Using the listing below, retype exactly the lines starting at the one with "line L57 (-180.5, -21.1) -> (-183.2, -21.1)" and ending at the one with "line L62 (-180.5, 105.5) -> (-180.5, 63.3)", and include both.
···
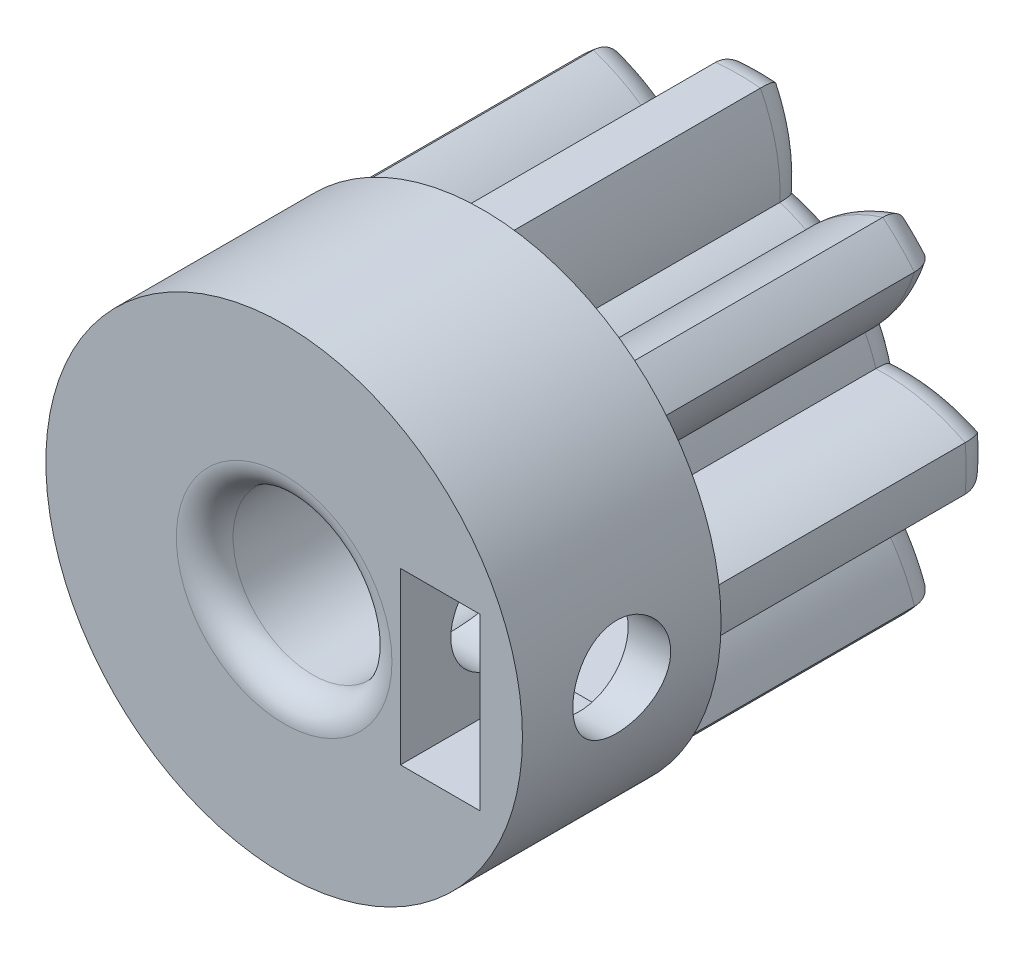
SolidWorks part; units mm, degrees
ref_plane "Alzado" through (0, 0, 0) normal (0, 0, 1) x (1, 0, 0)
ref_plane "Planta" through (0, 0, 0) normal (0, 1, 0) x (1, 0, 0)
ref_plane "Vista lateral" through (0, 0, 0) normal (1, 0, 0) x (0, 0, -1)
sketch "Croquis3" plane through (0, 0, 0) normal (0, 0, 1) x (1, 0, 0)
  circle A0 centre (0, 0) radius 8.4
  dimension "D1" = 16.8
extrude "Saliente-Extruir2" add sketch "Croquis3" against normal blind 7 separate body
sketch "Croquis4" plane through (0, 0, -7) normal (0, 0, -1) x (-1, 0, 0)
  line L0 (-0.7884, 8.0045) -> (1.4732, 4.8565) construction
  line L1 (-1.4732, 4.8565) -> (0.7884, 8.0045) construction
  line L2 (0.7884, 8.0045) -> (-0.7884, 8.0045) construction
  line L3 (0.7884, 8.0045) -> (1.4732, 4.8565) construction
  line L4 (-0.7884, 8.0045) -> (-1.4732, 4.8565) construction
  arc A0 (0.7884, 8.0045) -> (1.4732, 4.8565) centre (-4.7483, 5.1516) cw
  arc A1 (-1.4732, 4.8565) -> (-0.7884, 8.0045) centre (4.7352, 5.1544) cw
  arc A2 (-4.4757, 2.3923) -> (-4.8565, 1.4732) centre (0, 0) ccw
  arc A3 (-0.7884, 8.0045) -> (0.7884, 8.0045) centre (0, -0.0059) cw
  arc A4 (2.3923, 4.4757) -> (5.1025, 6.2175) centre (6.993, 0.2965) cw
  arc A5 (6.2175, 5.1025) -> (4.4757, 2.3923) centre (0.2851, 7.0003) cw
  arc A6 (5.1025, 6.2175) -> (6.2175, 5.1025) centre (-0.0042, -0.0042) cw
  arc A7 (4.8565, 1.4732) -> (8.0045, 0.7884) centre (5.1544, -4.7352) cw
  arc A8 (8.0045, -0.7884) -> (4.8565, -1.4732) centre (5.1516, 4.7483) cw
  arc A9 (8.0045, 0.7884) -> (8.0045, -0.7884) centre (-0.0059, 0) cw
  arc A10 (4.4757, -2.3923) -> (6.2175, -5.1025) centre (0.2965, -6.993) cw
  arc A11 (5.1025, -6.2175) -> (2.3923, -4.4757) centre (7.0003, -0.2851) cw
  arc A12 (6.2175, -5.1025) -> (5.1025, -6.2175) centre (-0.0042, 0.0042) cw
  arc A13 (1.4732, -4.8565) -> (0.7884, -8.0045) centre (-4.7352, -5.1544) cw
  arc A14 (-0.7884, -8.0045) -> (-1.4732, -4.8565) centre (4.7483, -5.1516) cw
  arc A15 (0.7884, -8.0045) -> (-0.7884, -8.0045) centre (0, 0.0059) cw
  arc A16 (-2.3923, -4.4757) -> (-5.1025, -6.2175) centre (-6.993, -0.2965) cw
  arc A17 (-6.2175, -5.1025) -> (-4.4757, -2.3923) centre (-0.2851, -7.0003) cw
  arc A18 (-5.1025, -6.2175) -> (-6.2175, -5.1025) centre (0.0042, 0.0042) cw
  arc A19 (-4.8565, -1.4732) -> (-8.0045, -0.7884) centre (-5.1544, 4.7352) cw
  arc A20 (-8.0045, 0.7884) -> (-4.8565, 1.4732) centre (-5.1516, -4.7483) cw
  arc A21 (-8.0045, -0.7884) -> (-8.0045, 0.7884) centre (0.0059, 0) cw
  arc A22 (-4.4757, 2.3923) -> (-6.2175, 5.1025) centre (-0.2965, 6.993) cw
  arc A23 (-5.1025, 6.2175) -> (-2.3923, 4.4757) centre (-7.0003, 0.2851) cw
  arc A24 (-6.2175, 5.1025) -> (-5.1025, 6.2175) centre (0.0042, -0.0042) cw
  arc A25 (-1.4732, 4.8565) -> (-2.3923, 4.4757) centre (0, 0) ccw
  arc A26 (2.3923, 4.4757) -> (1.4732, 4.8565) centre (0, 0) ccw
  arc A27 (4.8565, 1.4732) -> (4.4757, 2.3923) centre (0, 0) ccw
  arc A28 (4.4757, -2.3923) -> (4.8565, -1.4732) centre (0, 0) ccw
  arc A29 (1.4732, -4.8565) -> (2.3923, -4.4757) centre (0, 0) ccw
  arc A30 (-2.3923, -4.4757) -> (-1.4732, -4.8565) centre (0, 0) ccw
  arc A31 (-4.8565, -1.4732) -> (-4.4757, -2.3923) centre (0, 0) ccw
  point P71 (0, 0)
  dimension "D2" = 5.075
  dimension "D3" = 6.2285
  dimension "D4" = 6.2155
  dimension "D5" = 8.0491
  dimension "D8" = 1.5768
  dimension "D6" = 3.8762
  dimension "D7" = 3.8762
  dimension "D9" = 3.2216
  dimension "D10" = 3.148
  dimension "D1" = 8
extrude "Saliente-Extruir3" add sketch "Croquis4" along normal blind 10
fillet "Redondeo1" radius 1 32 edges at (3.6329, 5.5249, -17) (1.9421, 4.6887, -17) (1.3383, 6.4756, -17) (0, 8.0432, -17) (-1.3378, 6.4755, -17) (-1.9421, 4.6887, -17) (-3.6326, 5.5253, -17) (-5.6874, 5.6874, -17) (-5.5249, 3.6329, -17) (-4.6887, 1.9421, -17) (-6.4756, 1.3383, -17) (-8.0432, 0, -17) (-6.4755, -1.3378, -17) (-4.6887, -1.9421, -17) (-5.5253, -3.6326, -17) (-5.6874, -5.6874, -17) (-3.6329, -5.5249, -17) (-1.9421, -4.6887, -17) (-1.3383, -6.4756, -17) (0, -8.0432, -17) (1.3378, -6.4755, -17) (1.9421, -4.6887, -17) (3.6326, -5.5253, -17) (5.6874, -5.6874, -17) (5.5249, -3.6329, -17) (4.6887, -1.9421, -17) (6.4756, -1.3383, -17) (8.0432, 0, -17) (6.4755, 1.3378, -17) (4.6887, 1.9421, -17) (5.5253, 3.6326, -17) (5.6874, 5.6874, -17)
sketch "Croquis5" plane through (0, 0, 0) normal (0, 0, 1) x (1, 0, 0)
  circle A0 centre (0, 0) radius 2.8
  dimension "D1" = 5.6
extrude "Cortar-Extruir1" cut sketch "Croquis5" against normal through all
fillet "Redondeo2" radius 1 1 edges at (2.8, 0, 0)
sketch "Croquis6" plane through (0, 0, 0) normal (0, 0, 1) x (1, 0, 0)
  line L0 (4.1, 3) -> (6.9, 3)
  line L1 (6.9, -3) -> (6.9, 3)
  line L2 (4, -3.1) -> (7, -3.1) construction
  line L3 (4, -3.1) -> (4, 3.1) construction
  line L4 (4, 3.1) -> (7, 3.1) construction
  line L5 (7, -3.1) -> (7, 3.1) construction
  line L6 (4.1, -3) -> (6.9, -3)
  line L7 (4.1, -3) -> (4.1, 3)
  circle A0 centre (0, 0) radius 2.8 construction
  point P2 (0, 0)
  point P4 (4.9, 0)
  point P12 (0, 0)
  dimension "D2" = 4
  dimension "D3" = 3
  dimension "D4" = 6.2
  dimension "D5" = 3.1
  dimension "D1" = 0.1
extrude "Cortar-Extruir2" cut sketch "Croquis6" against normal blind 5.2898
sketch "Croquis7" plane through (4.1, 0, 0) normal (1, 0, 0) x (0, 0, -1)
  line L0 (5.2898, 3) -> (7.0796, 0)
  line L1 (7.0796, 0) -> (5.2898, -3)
  line L2 (5.2898, -3) -> (5.2898, 3)
  dimension "D1" = 1.7898
extrude "Cortar-Extruir3" cut sketch "Croquis7" along normal up to surface (2.8 mm away) up to face at (6.9, 0, -2.6449)
ref_plane "Plano2" through (8.4, 0, 0) normal (1, 0, 0) x (0, 0, -1)
sketch "Croquis8" plane through (8.4, 0, 0) normal (1, 0, 0) x (0, 0, -1)
  line L0 (0, 8.4) -> (0, -8.4) construction
  circle A0 centre (3.5, 0) radius 1.725
  dimension "D1" = 3.45
  dimension "D2" = 3.5
  dimension "D3" = 3
extrude "Cortar-Extruir4" cut sketch "Croquis8" against normal blind 7.2898
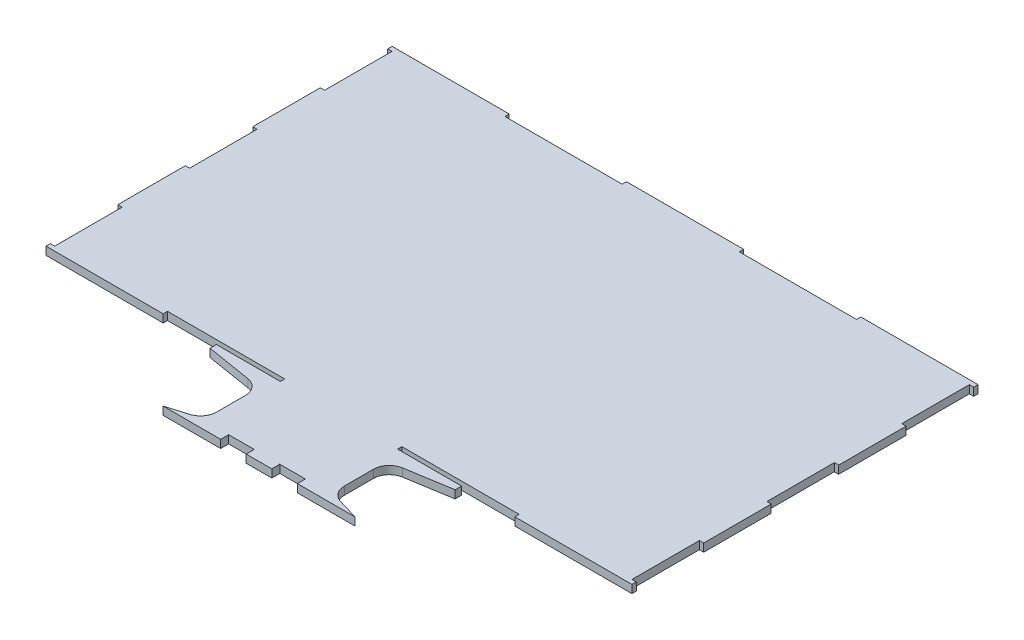
SolidWorks part; units mm, degrees
ref_plane "Front Plane" through (0, 0, 0) normal (0, 0, 1) x (1, 0, 0)
ref_plane "Top Plane" through (0, 0, 0) normal (0, 1, 0) x (1, 0, 0)
ref_plane "Right Plane" through (0, 0, 0) normal (1, 0, 0) x (0, 0, -1)
sketch "Sketch1" plane through (0, 0, 0) normal (0, 1, 0) x (1, 0, 0)
  line L0 (-183.2, 108.2) -> (-109.92, 108.2)
  line L1 (-109.92, 105.5) -> (-36.64, 105.5)
  line L4 (180.5, 105.5) -> (180.5, 63.3)
  line L5 (183.2, 108.2) -> (183.2, 105.5)
  line L8 (183.2, 63.3) -> (183.2, 21.1)
  line L9 (183.2, 108.2) -> (183.2, -108.2) construction
  line L10 (180.5, -105.5) -> (183.2, -105.5)
  line L11 (180.5, 105.5) -> (183.2, 105.5)
  line L13 (180.5, 105.5) -> (180.5, -105.5) construction
  line L14 (180.5, 21.1) -> (180.5, -21.1)
  line L16 (180.5, -63.3) -> (180.5, -105.5)
  line L18 (-180.5, 105.5) -> (-180.5, -105.5) construction
  line L23 (-183.2, 108.2) -> (183.2, 108.2) construction
  line L24 (-36.64, 108.2) -> (36.64, 108.2)
  line L26 (109.92, 108.2) -> (183.2, 108.2)
  line L27 (-109.92, 108.2) -> (-109.92, 105.5)
  line L28 (-36.64, 108.2) -> (-36.64, 105.5)
  line L29 (36.64, 108.2) -> (36.64, 105.5)
  line L30 (109.92, 108.2) -> (109.92, 105.5)
  line L31 (-180.5, 105.5) -> (180.5, 105.5) construction
  line L32 (36.64, 105.5) -> (109.92, 105.5)
  line L33 (-183.2, -108.2) -> (183.2, -108.2) construction
  line L34 (-180.5, -105.5) -> (180.5, -105.5) construction
  line L35 (180.5, -21.1) -> (183.2, -21.1)
  line L36 (109.92, -108.2) -> (183.2, -108.2)
  line L37 (109.92, -108.2) -> (109.92, -105.5)
  line L38 (36.64, -105.5) -> (109.92, -105.5)
  line L39 (36.64, -108.2) -> (36.64, -105.5)
  line L41 (-36.64, -108.2) -> (-36.64, -105.5)
  line L42 (-109.92, -105.5) -> (-36.64, -105.5)
  line L43 (-109.92, -108.2) -> (-109.92, -105.5)
  line L44 (-183.2, -108.2) -> (-109.92, -108.2)
  line L45 (180.5, -63.3) -> (183.2, -63.3)
  line L46 (180.5, 21.1) -> (183.2, 21.1)
  line L47 (180.5, 63.3) -> (183.2, 63.3)
  line L48 (183.2, -21.1) -> (183.2, -63.3)
  line L49 (-183.2, 108.2) -> (-183.2, -108.2) construction
  line L50 (183.2, -105.5) -> (183.2, -108.2)
  line L51 (-40, -126.6956) -> (-40, -144.7597)
  line L52 (-183.2, -105.5) -> (-183.2, -108.2)
  line L53 (-180.5, -105.5) -> (-183.2, -105.5)
  line L54 (-180.5, -63.3) -> (-180.5, -105.5)
  line L55 (-180.5, -63.3) -> (-183.2, -63.3)
  line L56 (-183.2, -21.1) -> (-183.2, -63.3)
  line L57 (-180.5, -21.1) -> (-183.2, -21.1)
  line L58 (-180.5, 21.1) -> (-180.5, -21.1)
  line L59 (-180.5, 21.1) -> (-183.2, 21.1)
  line L60 (-183.2, 63.3) -> (-183.2, 21.1)
  line L61 (-180.5, 63.3) -> (-183.2, 63.3)
  line L62 (-180.5, 105.5) -> (-180.5, 63.3)
  line L63 (-183.2, 108.2) -> (-183.2, 105.5)
  line L64 (-180.5, 105.5) -> (-183.2, 105.5)
  line L67 (40, -126.6956) -> (40, -144.7597)
  line L70 (-40, -158.2) -> (-24, -158.2)
  line L71 (24, -153.2) -> (8, -153.2)
  line L75 (-8, -158.2) -> (8, -158.2)
  line L77 (24, -158.2) -> (40, -158.2)
  line L78 (-24, -158.2) -> (-24, -153.2)
  line L79 (-8, -158.2) -> (-8, -153.2)
  line L80 (8, -158.2) -> (8, -153.2)
  line L81 (24, -158.2) -> (24, -153.2)
  line L82 (-8, -153.2) -> (-24, -153.2)
  line L83 (-36.64, -108.2) -> (-76.64, -108.2)
  line L84 (36.64, -108.2) -> (76.64, -108.2)
  line L85 (-76.64, -108.2) -> (-76.64, -112.2)
  line L86 (-76.64, -112.2) -> (-48.384, -116.8271)
  line L87 (76.64, -108.2) -> (76.64, -112.2)
  line L88 (76.64, -112.2) -> (48.384, -116.8271)
  line L89 (-40, -158.2) -> (-60, -158.2)
  line L90 (40, -158.2) -> (60, -158.2)
  line L92 (-47.1265, -154.338) -> (-60, -158.2)
  line L94 (47.1265, -154.338) -> (60, -158.2)
  arc A0 (-48.384, -116.8271) -> (-40, -126.6956) centre (-50, -126.6956) cw
  arc A1 (40, -126.6956) -> (48.384, -116.8271) centre (50, -126.6956) cw
  arc A2 (-47.1265, -154.338) -> (-40, -144.7597) centre (-50, -144.7597) ccw
  arc A3 (40, -144.7597) -> (47.1265, -154.338) centre (50, -144.7597) ccw
  point P0 (0, 0)
  point P58 (-40, -118.2)
  point P68 (40, -118.2)
  dimension "D2" = 10
  dimension "D3" = 10
  dimension "D6" = 10
  dimension "D7" = 10
  dimension "D1" = 2.7
  dimension "D4" = 40
  dimension "D5" = 40
extrude "Boss-Extrude1" add sketch "Sketch1" along normal blind 5
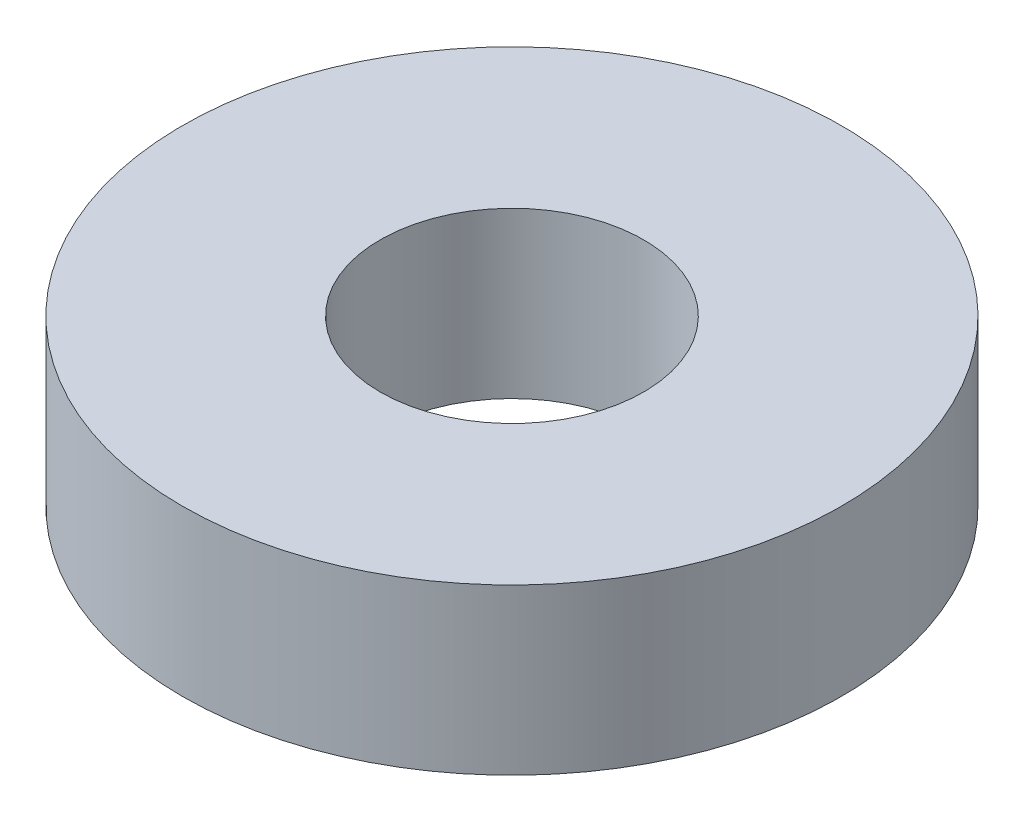
SolidWorks part; units mm, degrees
ref_plane "Front Plane" through (0, 0, 0) normal (0, 0, 1) x (1, 0, 0)
ref_plane "Top Plane" through (0, 0, 0) normal (0, 1, 0) x (1, 0, 0)
ref_plane "Right Plane" through (0, 0, 0) normal (1, 0, 0) x (0, 0, -1)
sketch "Sketch1" plane through (0, 0, 0) normal (0, 1, 0) x (1, 0, 0)
  circle A0 centre (0, 0) radius 4
  circle A1 centre (0, 0) radius 10
  dimension "D1" = 8
  dimension "D2" = 20
extrude "Boss-Extrude1" add sketch "Sketch1" along normal blind 5
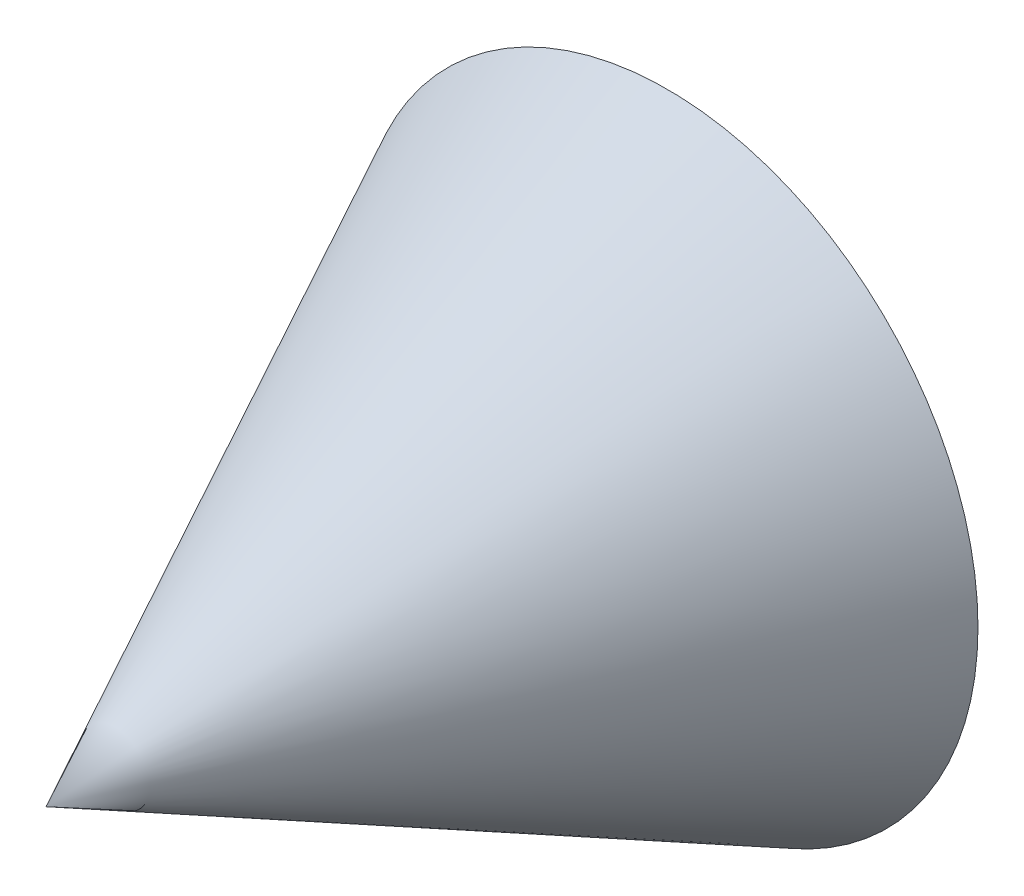
SolidWorks part; units mm, degrees
ref_plane "Plano frontal" through (0, 0, 0) normal (0, 0, 1) x (1, 0, 0)
ref_plane "Plano superior" through (0, 0, 0) normal (0, 1, 0) x (1, 0, 0)
ref_plane "Plano direito" through (0, 0, 0) normal (1, 0, 0) x (0, 0, -1)
ref_plane "Plano1" through (0, 0, 100) normal (0, 0, 1) x (1, 0, 0)
sketch "Esboço1" plane through (0, 0, 0) normal (0, 0, 1) x (1, 0, 0)
  circle A0 centre (0, 0) radius 50
  dimension "D1" = 100
sketch "Esboço2" plane through (0, 0, 100) normal (0, 0, 1) x (1, 0, 0)
  point P0 (0, 0)
loft "Loft1" add profiles "Esboço1", "Esboço2"
···
• _Written answer_
  line L57 (-180.5, -21.1) -> (-183.2, -21.1)
  line L58 (-180.5, 21.1) -> (-180.5, -21.1)
  line L59 (-180.5, 21.1) -> (-183.2, 21.1)
  line L60 (-183.2, 63.3) -> (-183.2, 21.1)
  line L61 (-180.5, 63.3) -> (-183.2, 63.3)
  line L62 (-180.5, 105.5) -> (-180.5, 63.3)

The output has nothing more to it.